AIM OF THE TASK:
Scan the entries below for the word "through". Copy out every line in which it occurs.

EXERCISE MATERIAL:
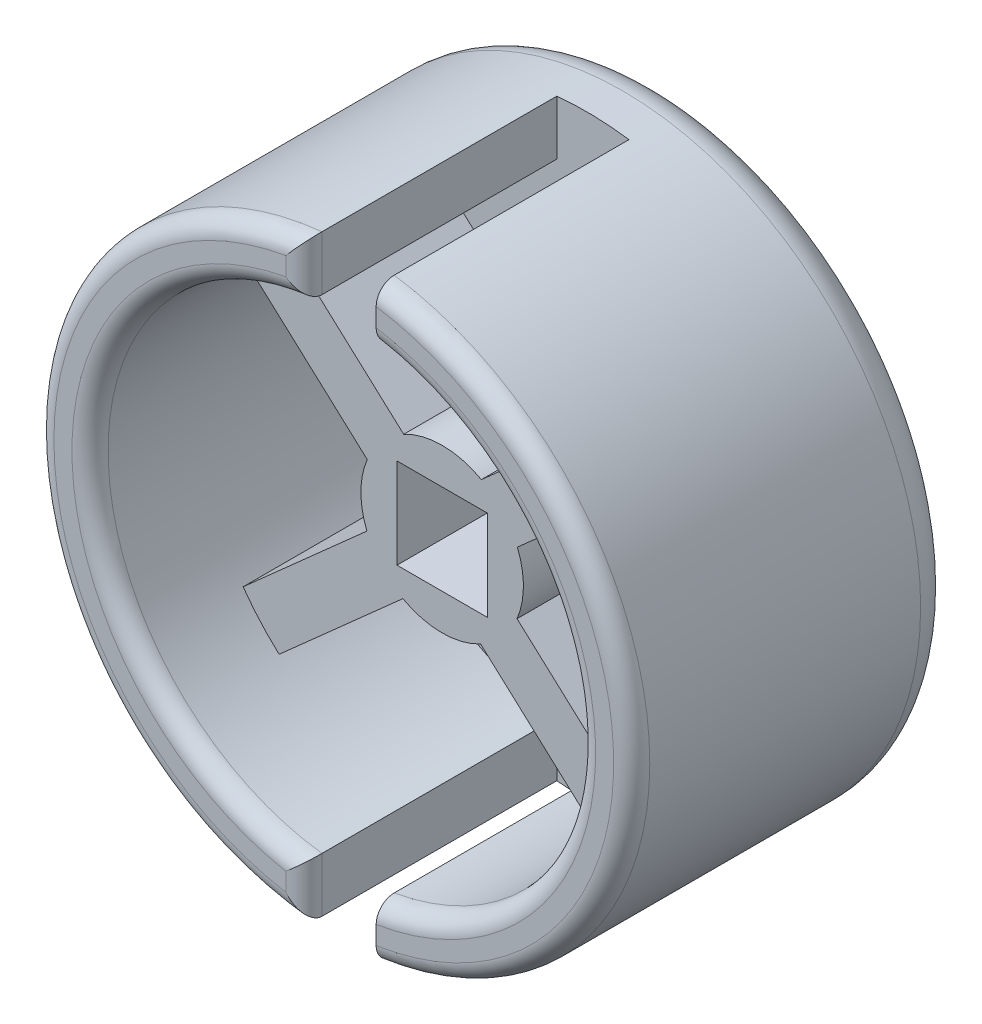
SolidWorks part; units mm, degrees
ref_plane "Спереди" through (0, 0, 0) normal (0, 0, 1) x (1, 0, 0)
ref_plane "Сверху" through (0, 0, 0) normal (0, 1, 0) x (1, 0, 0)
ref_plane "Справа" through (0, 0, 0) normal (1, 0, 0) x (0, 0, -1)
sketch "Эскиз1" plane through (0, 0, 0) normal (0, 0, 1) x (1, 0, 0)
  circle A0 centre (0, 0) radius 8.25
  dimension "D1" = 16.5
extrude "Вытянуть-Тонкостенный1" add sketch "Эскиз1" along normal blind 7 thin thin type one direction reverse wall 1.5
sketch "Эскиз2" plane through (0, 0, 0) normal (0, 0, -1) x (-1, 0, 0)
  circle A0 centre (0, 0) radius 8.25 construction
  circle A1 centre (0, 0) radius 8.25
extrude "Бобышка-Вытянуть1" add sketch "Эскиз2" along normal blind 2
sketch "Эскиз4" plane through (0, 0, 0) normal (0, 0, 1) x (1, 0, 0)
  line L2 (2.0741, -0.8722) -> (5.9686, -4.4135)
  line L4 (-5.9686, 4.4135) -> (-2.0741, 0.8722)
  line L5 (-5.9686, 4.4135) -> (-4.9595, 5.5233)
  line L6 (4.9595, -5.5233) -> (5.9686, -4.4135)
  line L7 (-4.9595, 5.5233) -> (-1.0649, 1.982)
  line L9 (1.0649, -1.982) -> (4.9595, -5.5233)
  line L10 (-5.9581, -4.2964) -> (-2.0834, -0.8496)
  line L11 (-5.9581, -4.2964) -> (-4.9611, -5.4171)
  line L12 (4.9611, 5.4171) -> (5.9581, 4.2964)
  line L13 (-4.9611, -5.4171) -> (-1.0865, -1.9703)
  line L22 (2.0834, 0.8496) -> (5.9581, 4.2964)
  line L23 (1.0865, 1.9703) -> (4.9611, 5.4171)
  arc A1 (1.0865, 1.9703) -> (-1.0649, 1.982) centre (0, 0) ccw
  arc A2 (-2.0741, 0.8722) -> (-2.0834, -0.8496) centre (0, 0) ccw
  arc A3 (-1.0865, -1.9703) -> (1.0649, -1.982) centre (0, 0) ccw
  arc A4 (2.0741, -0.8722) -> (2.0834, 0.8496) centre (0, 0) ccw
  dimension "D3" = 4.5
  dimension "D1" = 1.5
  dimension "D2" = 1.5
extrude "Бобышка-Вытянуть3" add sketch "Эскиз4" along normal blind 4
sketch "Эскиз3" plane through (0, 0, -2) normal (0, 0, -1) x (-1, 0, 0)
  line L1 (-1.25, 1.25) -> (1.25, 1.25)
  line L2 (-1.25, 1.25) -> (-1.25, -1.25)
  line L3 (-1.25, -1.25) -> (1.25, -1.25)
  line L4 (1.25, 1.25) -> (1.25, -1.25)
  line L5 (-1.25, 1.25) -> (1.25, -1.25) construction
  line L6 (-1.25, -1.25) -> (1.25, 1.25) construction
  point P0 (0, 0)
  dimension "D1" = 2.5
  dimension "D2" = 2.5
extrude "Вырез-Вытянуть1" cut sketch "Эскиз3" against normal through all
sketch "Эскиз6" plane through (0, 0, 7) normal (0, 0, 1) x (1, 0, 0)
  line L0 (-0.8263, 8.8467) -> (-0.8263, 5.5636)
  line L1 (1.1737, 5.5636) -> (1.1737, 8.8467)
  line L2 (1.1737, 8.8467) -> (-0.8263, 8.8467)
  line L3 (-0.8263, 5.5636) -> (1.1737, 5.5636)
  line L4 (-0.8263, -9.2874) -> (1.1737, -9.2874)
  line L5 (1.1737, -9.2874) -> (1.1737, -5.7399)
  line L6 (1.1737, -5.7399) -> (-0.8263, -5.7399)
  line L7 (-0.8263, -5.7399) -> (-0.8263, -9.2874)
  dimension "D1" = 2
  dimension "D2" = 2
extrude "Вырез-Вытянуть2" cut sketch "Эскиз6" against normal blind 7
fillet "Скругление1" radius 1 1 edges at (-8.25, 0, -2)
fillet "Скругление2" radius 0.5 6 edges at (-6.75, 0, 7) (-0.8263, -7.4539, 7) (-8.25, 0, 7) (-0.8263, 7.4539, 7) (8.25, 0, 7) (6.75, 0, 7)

SOLUTION:
ref_plane "Спереди" through (0, 0, 0) normal (0, 0, 1) x (1, 0, 0)
ref_plane "Сверху" through (0, 0, 0) normal (0, 1, 0) x (1, 0, 0)
ref_plane "Справа" through (0, 0, 0) normal (1, 0, 0) x (0, 0, -1)
sketch "Эскиз1" plane through (0, 0, 0) normal (0, 0, 1) x (1, 0, 0)
sketch "Эскиз2" plane through (0, 0, 0) normal (0, 0, -1) x (-1, 0, 0)
sketch "Эскиз4" plane through (0, 0, 0) normal (0, 0, 1) x (1, 0, 0)
sketch "Эскиз3" plane through (0, 0, -2) normal (0, 0, -1) x (-1, 0, 0)
extrude "Вырез-Вытянуть1" cut sketch "Эскиз3" against normal through all
sketch "Эскиз6" plane through (0, 0, 7) normal (0, 0, 1) x (1, 0, 0)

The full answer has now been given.